I like the "brutal" in the name because I have a class idea I have been working on a which needs a dash of "Darth Vader" like, left hand use .. ... and yes I had been thinking of versatile weapons in this context.  I hadn't thought of using the grab as a form of defenders mark (I have simulationist issues trying to figure out marking at times,  I let myself figure it means individual who has the highest threat in martial powers its based on position and only one can be the highest threat... the most distraction from threat). 

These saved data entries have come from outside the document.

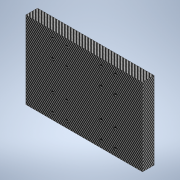
# Autodesk Inventor part: Placa5 Base Extrusor
Saved by Autodesk Inventor 2022 (Build 260153000, 153)
## iProperties
Created: 2021-11-08
Part Number: Placa5 Base Extrusor
Material: CFRP
Document SubType Name: Modeling
Designer: Samuel Gómez
Density: 1.43 g/cm^3
Appearance: Carbon Fiber
Author: Samuel Gómez
Autodesk Inventor part; units mm, degrees
ref_plane "YZ Plane" through (0, 0, 0) normal (1, 0, 0) x (0, 1, 0)
ref_plane "XZ Plane" through (0, 0, 0) normal (0, 1, 0) x (-1, 0, 0)
ref_plane "XY Plane" through (0, 0, 0) normal (0, 0, 1) x (1, 0, 0)
sketch "Boceto1" plane through (0, 0, 0) normal (0, 0, 1) x (1, 0, 0)
  line L0 (0, 0) -> (150, 0)
  line L1 (150, 0) -> (150, 100)
  line L2 (150, 100) -> (0, 100)
  line L3 (0, 100) -> (0, 0)
  dimension "d0" = 150
  dimension "d1" = 100
  constraints: 8 end point, 2 parallel, 1 horizontal, 1 perpendicular
  measures "d0" distance of L1.end L2.end
  measures "d1" distance of L2.end L0.start
extrude "Extrusión1" add sketch "Boceto1" along normal blind 15
sketch "Boceto2" plane through (0, 0, 15) normal (0, 0, 1) x (1, 0, 0)
  line L0 (0, 100) -> (0, 0) projected
  line L1 (0, 50) -> (150, 50) construction
  line L2 (150, 0) -> (150, 100) projected
  line L3 (35, 50) -> (35, 8.625) construction
  line L4 (35, 31.375) -> (53.4, 31.375) construction
  circle A0 centre (35, 8.625) radius 1.75
  circle A1 centre (35, 31.375) radius 1.75
  circle A2 centre (53.4, 31.375) radius 1.75
  line L5 (35, 8.625) -> (53.4, 8.625) construction
  line L6 (53.4, 8.625) -> (53.4, 31.375) construction
  circle A3 centre (53.4, 8.625) radius 1.75
  line L7 (75, 50) -> (75, -45.8992) construction
  line L8 (115, 31.375) -> (96.6, 31.375) construction
  circle A4 centre (115, 8.625) radius 1.75
  circle A5 centre (115, 31.375) radius 1.75
  circle A6 centre (96.6, 31.375) radius 1.75
  line L9 (115, 8.625) -> (96.6, 8.625) construction
  line L10 (96.6, 8.625) -> (96.6, 31.375) construction
  circle A7 centre (96.6, 8.625) radius 1.75
  line L11 (35, 68.625) -> (53.4, 68.625) construction
  circle A8 centre (35, 91.375) radius 1.75
  circle A9 centre (35, 68.625) radius 1.75
  circle A10 centre (53.4, 68.625) radius 1.75
  line L12 (35, 91.375) -> (53.4, 91.375) construction
  line L13 (53.4, 91.375) -> (53.4, 68.625) construction
  circle A11 centre (53.4, 91.375) radius 1.75
  circle A12 centre (115, 68.625) radius 1.75
  circle A13 centre (115, 91.375) radius 1.75
  line L14 (115, 68.625) -> (96.6, 68.625) construction
  circle A14 centre (96.6, 68.625) radius 1.75
  line L15 (115, 91.375) -> (96.6, 91.375) construction
  line L16 (96.6, 91.375) -> (96.6, 68.625) construction
  circle A15 centre (96.6, 91.375) radius 1.75
  dimension "d4" = 41.375
  dimension "d5" = 18.625
  dimension "d6" = 18.4
  dimension "d7" = 3.5
  dimension "d8" = 3.5
  dimension "d9" = 3.5
  dimension "d10" = 3.5
  dimension "d13" = 40
  constraints: 30 end point, 24 symmetric about line, 16 centre point, 16 coincident, 3 midpoint, 3 perpendicular, 2 point on line, 1 horizontal, 1 vertical, 12 other
  measures "d4" distance of L3.start L3.end
  measures "d5" distance from line of L4.end L1
  measures "d6" distance of L4.start L4.end
  measures "d7" diameter of A0
  measures "d8" diameter of A1
  measures "d9" diameter of A2
  measures "d10" diameter of A3
  measures "d13" distance between parallel lines of L7 L3
extrude "Extrusión2" cut sketch "Boceto2" against normal up to surface (15 mm away)

Fencing Fighter should be another build.
Fencing has the offhand normally held back to enhance your balance as well as assuring a smaller target both scream AC perhaps with the latter limited to a single opponent to me A Fencer could be given just the armor class bonus when they have an empty off hand whether the weapon was versatile or not. (like swordmage but martial). Perhaps it is actually a bonus against being knocked prone and an armor class reflex bonus for self against a marked opponent. Maybe make this bonus better if wearing light armor so we encourage Pirates and Musketeer types who dont want to think of them selves as rogues?


----------



## Garthanos (Feb 18, 2009)

Eldorian said:


> Btw, this is very similar to an idea I had for an unarmed combatant called a Pankratiast.  Only his mechanic wasn't one of his at will's he chooses, but a class feature that is a minor action, grab the target, give opponent penalty to escape.




"Pankratiast"? is that a world specific development?


----------



## Eldorian (Feb 18, 2009)

Garthanos said:


> "Pankratiast"? is that a world specific development?




Um sure.  Earth specific.  No idea what they'd call it on Omicron Persei 8.



			
				Wikipedia said:
			
		

> Pankration (Greek: Παγκράτιο(ν), Pagkratio, IPA: [paŋ.'kra.ti.o]) is a martial arts sport introduced to the Greek Olympic Games in 648 BC and founded as a blend of boxing and wrestling. The term comes from the Ancient Greek παγκράτιον, literally meaning "all powers" and that from πᾶν (pan) "all" + κράτος (kratos) "strength" or "power". It is also used to describe the sport's contemporary variations. Some consider it as the first all-encompassing fighting system in human history. It is also arguable that pankration competitions in antiquity were the closest an athletic event has come to outright, no-rules, empty hand combat. Modern mixed martial arts competitions have come to feature many of the same methods that were used in pankration competitions in the ancient Greek world.


----------



## Garthanos (Feb 18, 2009)

Well its "greek" to me ...hehehe I would have groked Pugilist.


----------



## Eldorian (Feb 19, 2009)

Garthanos said:


> Well its "greek" to me ...hehehe I would have groked Pugilist.




Ah, but a pugilist isn't spending his time trying to choke dudes to death.

And, now you learned something.

The goal here was to make a non mystical martial artist, and I figured the best way to let that be known was to use a western name for it.


----------



## Rechan (Dec 8, 2009)

dammitbiscuit said:


> I like it. A few sozo-inspired variations:



Strangling Blademaster.


----------



## Rechan (Dec 8, 2009)

I'd definitely like to see a Greco-roman style wrestling fighter. But instead of just grapples and holds, I would enjoy seeing it taken in the Mythical direction. Ala Hercules. The "I can lift boulders and smash the heads of dragons". Beowulf ripped Grendil's arm off with his bare hands. That sort of "Strong man" archetype.


----------